|  | List of years in science | (table) |

= 1992 in science =

The year 1992 in science and technology involved many significant events, some listed below.

==Anthropology==
- June – British anthropologist Robin Dunbar proposes Dunbar's number (approximately 150) as a cognitive limit to the number of people with whom an interpersonal relationship can be maintained in human communities.

==Astronomy==
- January 5 – Asteroid 5751 Zao is discovered by Masahiro Koishikawa.
- January 9 – First confirmed detection of exoplanets with announcement of the discovery of several terrestrial-mass planets orbiting the pulsar PSR B1257+12 by radio astronomers Aleksander Wolszczan and Dale Frail working in the United States.
- August 30 – Discovery of 15760 Albion, the first trans-Neptunian object to be found after Pluto and Charon.
- October 31 – Pope John Paul II issues an apology and lifts the 1633 edict of the Inquisition against Galileo Galilei.

==Biology==
- May 21 – Saola first identified in the Vũ Quang rainforest reserve of northern Vietnam.
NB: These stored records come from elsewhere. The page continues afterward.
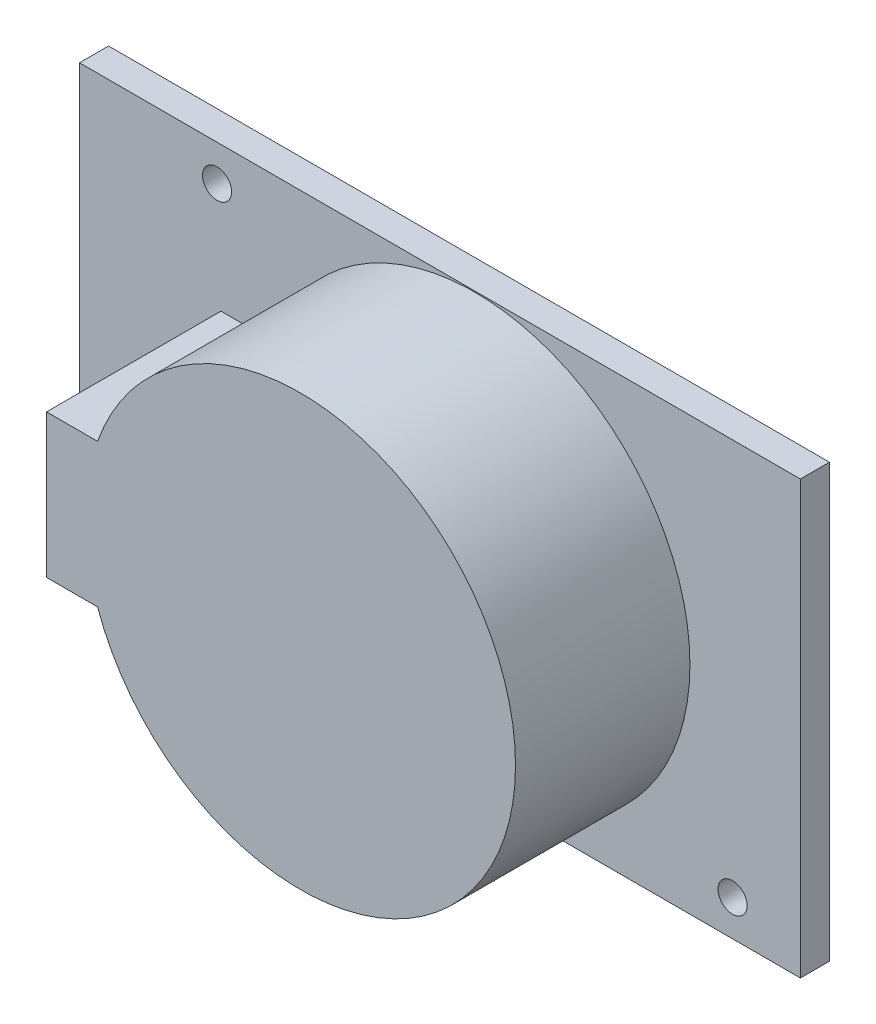
from build123d import *

# Parameters (mm, degrees)
SKETCH_1_W          = 37.2
SKETCH_1_H          = 22.3
SKETCH_1_R          = 0.75
EXTRUDE_1_DEPTH     = 5
SKETCH_1_3_W        = 37.2
SKETCH_1_3_H        = 22.3
SKETCH_1_3_R        = 0.75
CUT_EXTRUDE_2_DEPTH = 3.5
EXTRUDE_3_DEPTH     = 9
SKETCH_4_W          = 10.4
SKETCH_4_H          = 7.5
EXTRUDE_4_DEPTH     = 3.5


with BuildPart() as part:
    # 草圖1 → 填料-伸長1 (new body)
    with BuildSketch(Plane.XY):
        with Locations((63.739258578, 17.893460251)):
            Rectangle(SKETCH_1_W, SKETCH_1_H)
        with Locations((78.839258578, 8.593460251)):
            Circle(SKETCH_1_R, mode=Mode.SUBTRACT)
        with Locations((52.239258578, 27.193460251)):
            Circle(SKETCH_1_R, mode=Mode.SUBTRACT)
        with Locations((52.239258578, 8.593460251)):
            Circle(SKETCH_1_R, mode=Mode.SUBTRACT)
    extrude(amount=EXTRUDE_1_DEPTH)

    # 草圖1<3> → 除料-伸長2 (cut)
    with BuildSketch(Plane.XY):
        with Locations((63.739258578, 17.893460251)):
            Rectangle(SKETCH_1_3_W, SKETCH_1_3_H)
        with Locations((78.839258578, 8.593460251)):
            Circle(SKETCH_1_3_R, mode=Mode.SUBTRACT)
        with Locations((52.239258578, 27.193460251)):
            Circle(SKETCH_1_3_R, mode=Mode.SUBTRACT)
        with Locations((52.239258578, 8.593460251)):
            Circle(SKETCH_1_3_R, mode=Mode.SUBTRACT)
    extrude(amount=CUT_EXTRUDE_2_DEPTH, mode=Mode.SUBTRACT)

    # 草圖3 → 填料-伸長3 (add)
    with BuildSketch(Plane.XY.offset(5)):
        with BuildLine():
            Line((52.439258578, 14.193460251), (55.074078216, 14.193460251))
            ThreePointArc((55.074078216, 14.193460251), (76.639258578, 17.893460251), (55.074078216, 21.593460251))
            Line((55.074078216, 21.593460251), (52.439258578, 21.593460251))
            Line((52.439258578, 21.593460251), (52.439258578, 14.193460251))
        make_face()
    extrude(amount=EXTRUDE_3_DEPTH)

    # 草圖4 → 填料-伸長4 (add)
    with BuildSketch(Plane(origin=(0, 0, 3.5), x_dir=(-1, 0, 0), z_dir=(0, 0, -1))):
        with Locations((-66.639258578, 13.993460251)):
            Rectangle(SKETCH_4_W, SKETCH_4_H)
    extrude(amount=EXTRUDE_4_DEPTH)


solid = part.part

This member of the bovini tribe is the first large mammal new to science anywhere in the world for more than fifty years and it will take another two decades before live specimens are recorded.
- British evolutionary biologist Richard Dawkins delivers the 1992 Voltaire Lecture, "Viruses of the Mind", describing religion and the belief in god as a parasitic memetic virus that infects human minds.

==Computer science==
- March 9 – ViolaWWW, the first popular Web browser, created by Pei-Yuan Wei in the United States, is publicly released for Unix.
- September – The SOCKS Internet protocol is made public.

==Earth sciences==
- September 2 – The 1992 Nicaragua earthquake registering 7.7 becomes the first tsunami earthquake to be captured on modern broadband seismic networks.

==Mathematics==
- International Society for Bayesian Analysis founded by Arnold Zellner.

==Medicine==
- October – First Cochrane Centre opens (in the UK) and the first Cochrane Review Groups (Pregnancy & Childbirth and Subfertility) are registered.
- October 29 – The Food and Drug Administration approves Depo Provera for use as a contraceptive in the United States.
- Brugada syndrome first recognised.

==Physics==
- Hungary becomes a member of CERN.

==Technology==
- November 23 – The IBM Simon, a touchscreen mobile phone and personal digital assistant considered the first smartphone, is introduced.
- December 3 - The first text message is sent. The message reads "Merry Christmas".

==Awards==
- Nobel Prizes
  - Physics: Georges Charpak
  - Chemistry: Rudolph A. Marcus
  - Medicine: Edmond H. Fischer, Edwin G. Krebs
- Turing Award: Butler Lampson
- Wollaston Medal for Geology: Martin Harold Phillips Bott

==Births==
- July 23 – Diwakar Vaish, Indian roboticist

==Deaths==
- January 1 – Rear Admiral Grace Hopper (b. 1906), American pioneer computer scientist.
- April 6 – Isaac Asimov (b. 1920), American science author.
- April 10 – Peter D. Mitchell (b. 1920), English Nobel laureate in chemistry.
- June 13 – Remziye Hisar, (b. 1902), Turkish chemist.
- July 24 – Gavriil Ilizarov (b. 1921), Soviet orthopedic surgeon.
- August 26 – Daniel Gorenstein (b. 1923), American mathematician.
- November 5 – Jan Oort (b. 1900), Dutch astronomer.